Inflated data lakehouse costs and latencies? - Blame S3's choice of HTTP/1.1
Blog post from Onehouse
The performance of cloud object storage platforms like Amazon S3 and Google Cloud Storage (GCS) is significantly influenced by the HTTP protocols they utilize, with S3 relying on HTTP/1.1 and GCS employing HTTP/2. HTTP/1.1's limitations, such as head-of-line blocking and higher latency, lead to inefficiencies and increased costs, as demonstrated by S3 showing up to 15 times higher latency compared to GCS in practical workloads.
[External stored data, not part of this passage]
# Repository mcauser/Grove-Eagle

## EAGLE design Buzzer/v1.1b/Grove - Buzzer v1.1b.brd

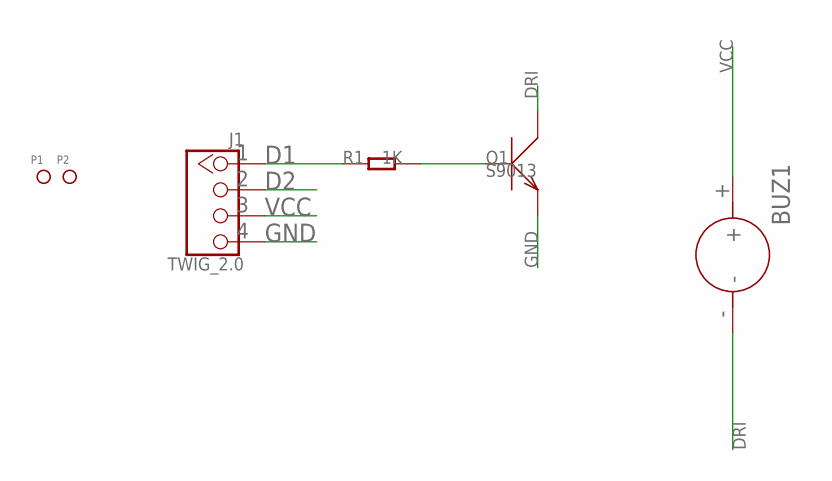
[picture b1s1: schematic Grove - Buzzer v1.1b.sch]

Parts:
BUZ1: BUZZER-YMD12065; 2P-7.6-D12X6.5H
J1: TWIG_2.0; 2.0_1X4
P1, P2: PAD-MARK; ROUND-MARK-1.0
Q1: S9013; SOT23
R1: 1K; R0603

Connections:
D1: J1.1, R1.1
D2: J1.2
DRI: BUZ1.-, Q1.3 (C)
GND: J1.4, Q1.2 (E)
unnamed: Q1.1 (B), R1.2
VCC: BUZ1.+, J1.3

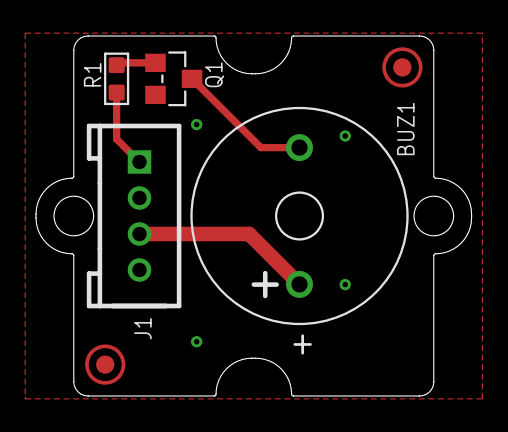
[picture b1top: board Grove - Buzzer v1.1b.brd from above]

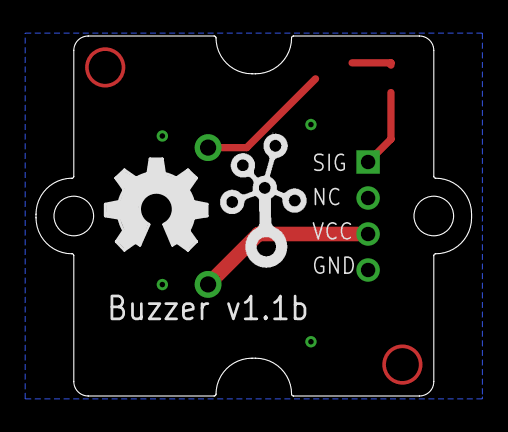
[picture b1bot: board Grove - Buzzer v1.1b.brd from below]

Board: 2 copper layers, 24.2 x 20.0 mm, 9 parts (2 on the bottom side), 5 nets.

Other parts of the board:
U$1: 1U-DIM-W/-DRILL
U$2: OSHW_FILLX200_NOTEXT
U$3: TWIGLOGO

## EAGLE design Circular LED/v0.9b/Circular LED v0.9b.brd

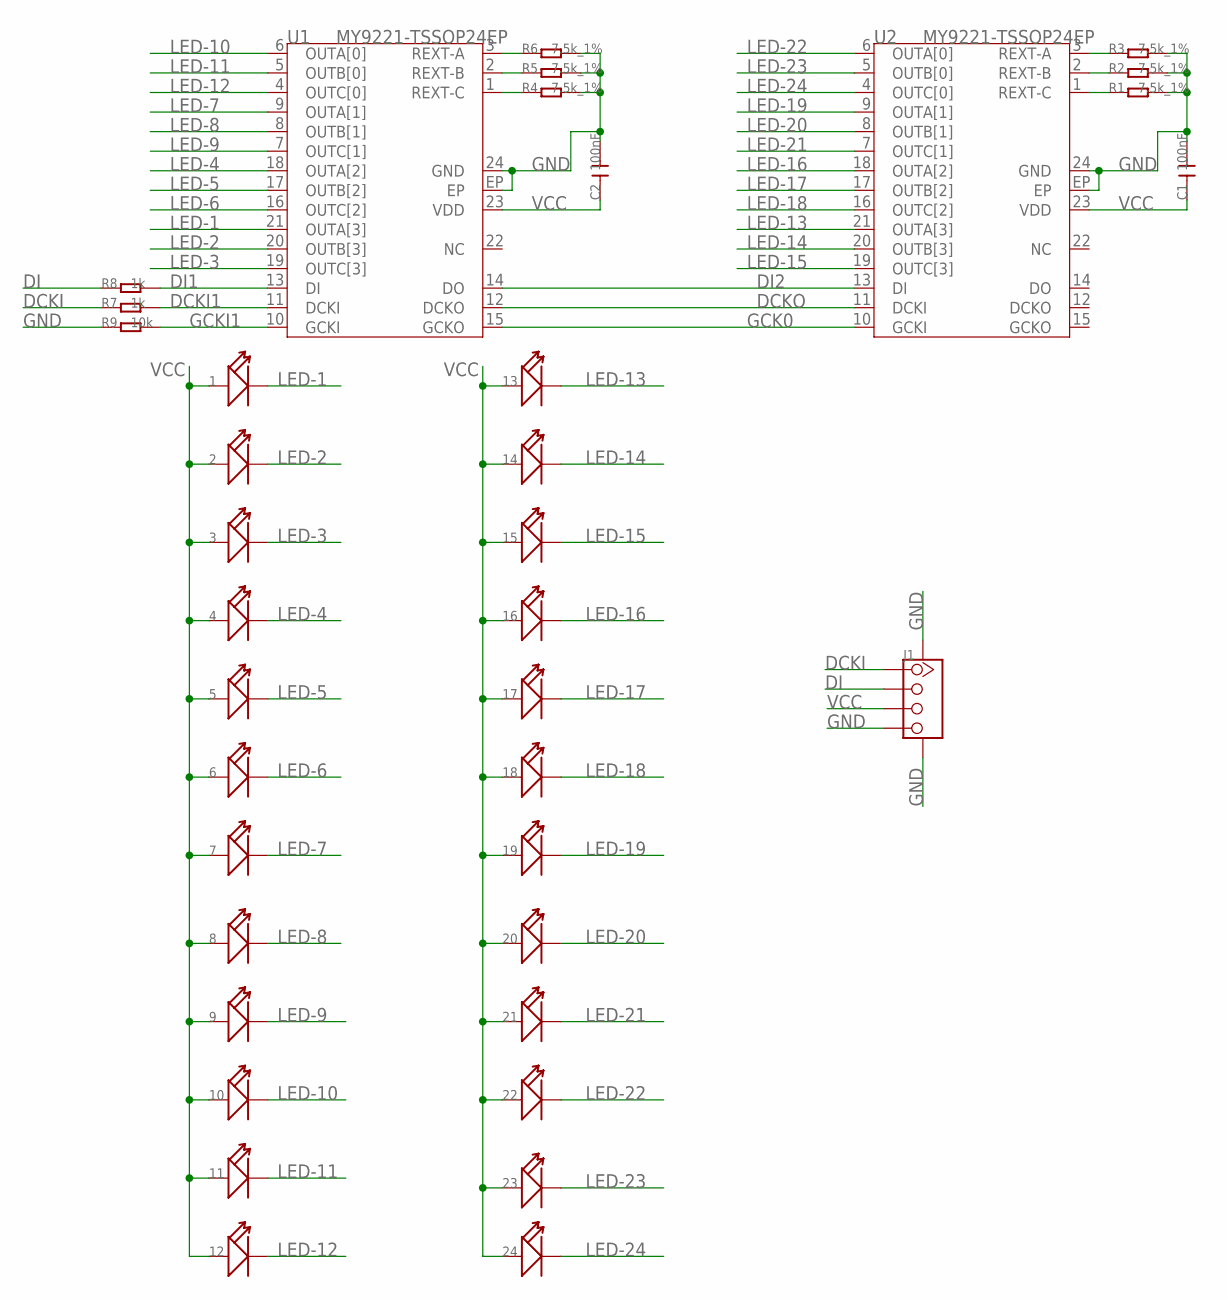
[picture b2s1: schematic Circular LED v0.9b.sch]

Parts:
1, 2, 3, 4, 5, 6, 7, 8, 9, 10, 11, 12, 13, 14, 15, 16, 17, 18, 19, 20, 21, 22, 23, 24: LED'1206'; LED-1206
C1, C2: 100nF; C0603
J1: TWIG-4P-2.0-SMD-FEMALE-REINFORCE'90D'; 4P-SMD-2.0-90D
R1, R2, R3, R4, R5, R6: 7.5k_1%; R0603
R7, R8: 1k; R0603
R9: 10k; R0603
U1, U2: MY9221-TSSOP24EP; TSSOP24EP

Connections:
DCKI: J1.1, R7.1
DCKI1: R7.2, U1.11 (DCKI)
DCKO: U1.12 (DCKO), U2.11 (DCKI)
DI: J1.2, R8.1
DI1: R8.2, U1.13 (DI)
DI2: U1.14 (DO), U2.13 (DI)
GCK0: U1.15 (GCKO), U2.10 (GCKI)
GCKI1: R9.2, U1.10 (GCKI)
GND: C1.2, C2.2, J1.4, J1.SS1, J1.SS2, R1.2, R2.2, R3.2, R4.2, R5.2, R6.2, R9.1, U1.24 (GND), U1.EP, U2.24 (GND), U2.EP
LED-1: 1.-, U1.21 (OUTA[3])
LED-2: 2.-, U1.20 (OUTB[3])
LED-3: 3.-, U1.19 (OUTC[3])
LED-4: 4.-, U1.18 (OUTA[2])
LED-5: 5.-, U1.17 (OUTB[2])
LED-6: 6.-, U1.16 (OUTC[2])
LED-7: 7.-, U1.9 (OUTA[1])
LED-8: 8.-, U1.8 (OUTB[1])
LED-9: 9.-, U1.7 (OUTC[1])
LED-10: 10.-, U1.6 (OUTA[0])
LED-11: 11.-, U1.5 (OUTB[0])
LED-12: 12.-, U1.4 (OUTC[0])
LED-13: 13.-, U2.21 (OUTA[3])
LED-14: 14.-, U2.20 (OUTB[3])
LED-15: 15.-, U2.19 (OUTC[3])
LED-16: 16.-, U2.18 (OUTA[2])
LED-17: 17.-, U2.17 (OUTB[2])
LED-18: 18.-, U2.16 (OUTC[2])
LED-19: 19.-, U2.9 (OUTA[1])
LED-20: 20.-, U2.8 (OUTB[1])
LED-21: 21.-, U2.7 (OUTC[1])
LED-22: 22.-, U2.6 (OUTA[0])
LED-23: 23.-, U2.5 (OUTB[0])
LED-24: 24.-, U2.4 (OUTC[0])
unnamed: R1.1, U2.1 (REXT-C)
unnamed: R2.1, U2.2 (REXT-B)
unnamed: R4.1, U1.1 (REXT-C)
unnamed: R5.1, U1.2 (REXT-B)
unnamed: R6.1, U1.3 (REXT-A)
unnamed: R3.1, U2.3 (REXT-A)
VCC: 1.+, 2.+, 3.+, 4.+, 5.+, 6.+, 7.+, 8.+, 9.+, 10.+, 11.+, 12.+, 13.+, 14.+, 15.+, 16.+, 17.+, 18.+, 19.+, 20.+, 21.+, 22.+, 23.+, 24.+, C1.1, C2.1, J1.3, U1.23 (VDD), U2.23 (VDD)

These inefficiencies arise because HTTP/1.1 lacks the multiplexing and header compression benefits of HTTP/2, resulting in higher TCP overhead and variability in software development kit (SDK) performance. Onehouse addresses these challenges by implementing optimizations like byte-range coalescing and smart concurrency management to improve cost efficiency and performance in data lake operations. The shift from distributed file systems to object storage systems has made HTTP behavior critical in managing data lakes, emphasizing the need for effective protocol management to reduce compute costs and improve throughput. Onehouse's lakehouse platform incorporates these insights to enhance connection management and protocol behavior, ensuring better performance and cost savings for users.